Extracted data entries:
....................
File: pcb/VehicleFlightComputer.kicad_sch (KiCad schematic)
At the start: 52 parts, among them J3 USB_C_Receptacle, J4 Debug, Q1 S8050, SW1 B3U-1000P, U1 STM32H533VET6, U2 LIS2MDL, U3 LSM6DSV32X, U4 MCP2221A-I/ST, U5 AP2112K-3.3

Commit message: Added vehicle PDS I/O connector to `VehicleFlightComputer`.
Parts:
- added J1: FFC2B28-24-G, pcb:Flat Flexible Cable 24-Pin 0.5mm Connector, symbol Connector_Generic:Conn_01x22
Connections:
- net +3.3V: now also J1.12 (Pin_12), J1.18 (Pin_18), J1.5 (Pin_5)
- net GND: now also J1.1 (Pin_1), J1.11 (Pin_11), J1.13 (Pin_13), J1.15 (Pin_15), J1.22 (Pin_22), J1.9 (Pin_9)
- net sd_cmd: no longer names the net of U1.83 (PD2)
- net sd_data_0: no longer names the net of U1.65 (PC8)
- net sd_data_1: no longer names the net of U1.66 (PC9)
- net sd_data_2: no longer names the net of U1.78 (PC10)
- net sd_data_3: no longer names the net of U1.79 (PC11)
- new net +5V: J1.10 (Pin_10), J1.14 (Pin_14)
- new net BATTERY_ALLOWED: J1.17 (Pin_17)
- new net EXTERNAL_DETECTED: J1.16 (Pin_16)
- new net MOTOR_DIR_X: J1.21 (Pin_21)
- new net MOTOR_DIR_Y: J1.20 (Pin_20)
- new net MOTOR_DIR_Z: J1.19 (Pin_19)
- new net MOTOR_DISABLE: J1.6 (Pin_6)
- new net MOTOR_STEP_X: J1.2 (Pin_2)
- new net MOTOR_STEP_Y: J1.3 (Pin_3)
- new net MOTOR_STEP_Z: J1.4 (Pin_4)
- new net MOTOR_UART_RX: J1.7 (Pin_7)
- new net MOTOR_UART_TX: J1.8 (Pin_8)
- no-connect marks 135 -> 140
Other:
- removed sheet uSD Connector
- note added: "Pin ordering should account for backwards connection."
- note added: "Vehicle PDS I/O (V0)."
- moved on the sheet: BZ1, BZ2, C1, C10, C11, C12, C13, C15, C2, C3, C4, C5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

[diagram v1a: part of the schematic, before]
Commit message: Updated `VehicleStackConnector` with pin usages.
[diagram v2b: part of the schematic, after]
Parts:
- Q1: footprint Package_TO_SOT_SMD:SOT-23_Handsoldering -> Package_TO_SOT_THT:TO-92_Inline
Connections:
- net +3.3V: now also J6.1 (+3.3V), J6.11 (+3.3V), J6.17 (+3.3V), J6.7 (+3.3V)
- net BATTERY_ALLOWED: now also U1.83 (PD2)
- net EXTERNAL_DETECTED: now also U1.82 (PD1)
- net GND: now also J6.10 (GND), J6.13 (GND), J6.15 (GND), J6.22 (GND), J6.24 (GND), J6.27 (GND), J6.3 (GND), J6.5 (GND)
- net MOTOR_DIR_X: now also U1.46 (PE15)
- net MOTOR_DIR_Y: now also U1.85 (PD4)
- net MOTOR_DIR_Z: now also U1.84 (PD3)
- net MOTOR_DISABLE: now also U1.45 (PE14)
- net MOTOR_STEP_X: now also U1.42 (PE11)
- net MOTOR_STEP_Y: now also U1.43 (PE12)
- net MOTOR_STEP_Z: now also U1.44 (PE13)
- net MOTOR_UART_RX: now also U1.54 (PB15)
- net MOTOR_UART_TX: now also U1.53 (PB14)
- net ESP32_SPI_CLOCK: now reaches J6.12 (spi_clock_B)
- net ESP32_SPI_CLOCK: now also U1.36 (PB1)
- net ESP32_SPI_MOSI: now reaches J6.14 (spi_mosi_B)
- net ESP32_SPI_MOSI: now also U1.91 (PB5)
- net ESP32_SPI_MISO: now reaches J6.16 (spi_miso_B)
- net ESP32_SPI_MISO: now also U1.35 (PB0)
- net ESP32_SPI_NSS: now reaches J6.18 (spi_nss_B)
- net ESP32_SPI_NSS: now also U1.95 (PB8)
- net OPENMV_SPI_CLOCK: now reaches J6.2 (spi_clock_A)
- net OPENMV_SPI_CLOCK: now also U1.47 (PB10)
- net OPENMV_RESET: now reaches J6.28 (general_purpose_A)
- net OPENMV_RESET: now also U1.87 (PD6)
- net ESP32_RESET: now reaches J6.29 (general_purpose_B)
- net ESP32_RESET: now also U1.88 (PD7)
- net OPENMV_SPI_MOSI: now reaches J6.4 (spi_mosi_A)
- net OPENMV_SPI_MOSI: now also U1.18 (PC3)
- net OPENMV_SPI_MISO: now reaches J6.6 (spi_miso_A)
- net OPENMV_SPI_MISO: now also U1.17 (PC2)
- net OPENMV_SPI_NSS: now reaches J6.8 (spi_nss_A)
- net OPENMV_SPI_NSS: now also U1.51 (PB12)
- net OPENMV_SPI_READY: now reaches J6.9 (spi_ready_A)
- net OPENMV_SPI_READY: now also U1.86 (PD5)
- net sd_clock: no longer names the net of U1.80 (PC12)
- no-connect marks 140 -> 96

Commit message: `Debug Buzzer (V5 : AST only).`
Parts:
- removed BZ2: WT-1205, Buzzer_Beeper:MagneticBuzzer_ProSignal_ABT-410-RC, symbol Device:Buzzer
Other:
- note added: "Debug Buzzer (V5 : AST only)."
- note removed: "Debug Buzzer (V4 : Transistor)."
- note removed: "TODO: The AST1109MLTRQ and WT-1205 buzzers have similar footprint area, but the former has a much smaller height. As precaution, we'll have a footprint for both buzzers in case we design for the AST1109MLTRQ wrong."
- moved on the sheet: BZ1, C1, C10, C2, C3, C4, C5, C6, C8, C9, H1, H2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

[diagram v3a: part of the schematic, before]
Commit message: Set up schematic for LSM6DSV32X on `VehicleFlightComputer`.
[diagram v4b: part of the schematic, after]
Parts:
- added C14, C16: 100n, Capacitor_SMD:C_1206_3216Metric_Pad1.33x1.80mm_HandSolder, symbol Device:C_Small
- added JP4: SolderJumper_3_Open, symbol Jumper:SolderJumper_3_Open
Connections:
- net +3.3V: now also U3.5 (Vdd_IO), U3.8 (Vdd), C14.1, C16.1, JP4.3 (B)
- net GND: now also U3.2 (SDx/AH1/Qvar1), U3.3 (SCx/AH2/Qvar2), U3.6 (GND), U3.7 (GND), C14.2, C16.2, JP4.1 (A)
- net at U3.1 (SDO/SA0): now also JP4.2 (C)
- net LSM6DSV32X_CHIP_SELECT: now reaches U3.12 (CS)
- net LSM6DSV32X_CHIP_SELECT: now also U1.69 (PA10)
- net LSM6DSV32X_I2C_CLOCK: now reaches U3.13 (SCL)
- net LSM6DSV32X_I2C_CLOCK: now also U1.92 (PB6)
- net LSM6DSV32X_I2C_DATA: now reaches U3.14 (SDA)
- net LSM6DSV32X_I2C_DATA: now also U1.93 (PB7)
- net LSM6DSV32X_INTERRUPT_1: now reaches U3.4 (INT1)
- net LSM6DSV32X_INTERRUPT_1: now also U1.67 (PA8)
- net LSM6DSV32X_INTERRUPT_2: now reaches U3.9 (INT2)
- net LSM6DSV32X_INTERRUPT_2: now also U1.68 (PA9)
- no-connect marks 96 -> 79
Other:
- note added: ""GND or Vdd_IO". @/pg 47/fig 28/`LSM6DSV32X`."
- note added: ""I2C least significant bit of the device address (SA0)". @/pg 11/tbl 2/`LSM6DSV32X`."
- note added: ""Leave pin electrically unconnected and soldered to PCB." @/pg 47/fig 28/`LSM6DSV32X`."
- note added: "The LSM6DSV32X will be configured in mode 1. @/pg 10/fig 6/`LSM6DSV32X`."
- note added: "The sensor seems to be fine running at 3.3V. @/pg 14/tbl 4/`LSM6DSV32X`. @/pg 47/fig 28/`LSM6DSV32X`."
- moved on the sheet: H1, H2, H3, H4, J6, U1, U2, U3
....................
* THE PROBLEM *
The lines above from the one containing "- net OPENMV_SPI_CLOCK: now reaches" through the one containing "- net OPENMV_SPI_READY: now reaches" are to be set down exactly, and no others.

* EXERCISE SOLUTION *
- net OPENMV_SPI_CLOCK: now reaches J6.2 (spi_clock_A)
- net OPENMV_SPI_CLOCK: now also U1.47 (PB10)
- net OPENMV_RESET: now reaches J6.28 (general_purpose_A)
- net OPENMV_RESET: now also U1.87 (PD6)
- net ESP32_RESET: now reaches J6.29 (general_purpose_B)
- net ESP32_RESET: now also U1.88 (PD7)
- net OPENMV_SPI_MOSI: now reaches J6.4 (spi_mosi_A)
- net OPENMV_SPI_MOSI: now also U1.18 (PC3)
- net OPENMV_SPI_MISO: now reaches J6.6 (spi_miso_A)
- net OPENMV_SPI_MISO: now also U1.17 (PC2)
- net OPENMV_SPI_NSS: now reaches J6.8 (spi_nss_A)
- net OPENMV_SPI_NSS: now also U1.51 (PB12)
- net OPENMV_SPI_READY: now reaches J6.9 (spi_ready_A)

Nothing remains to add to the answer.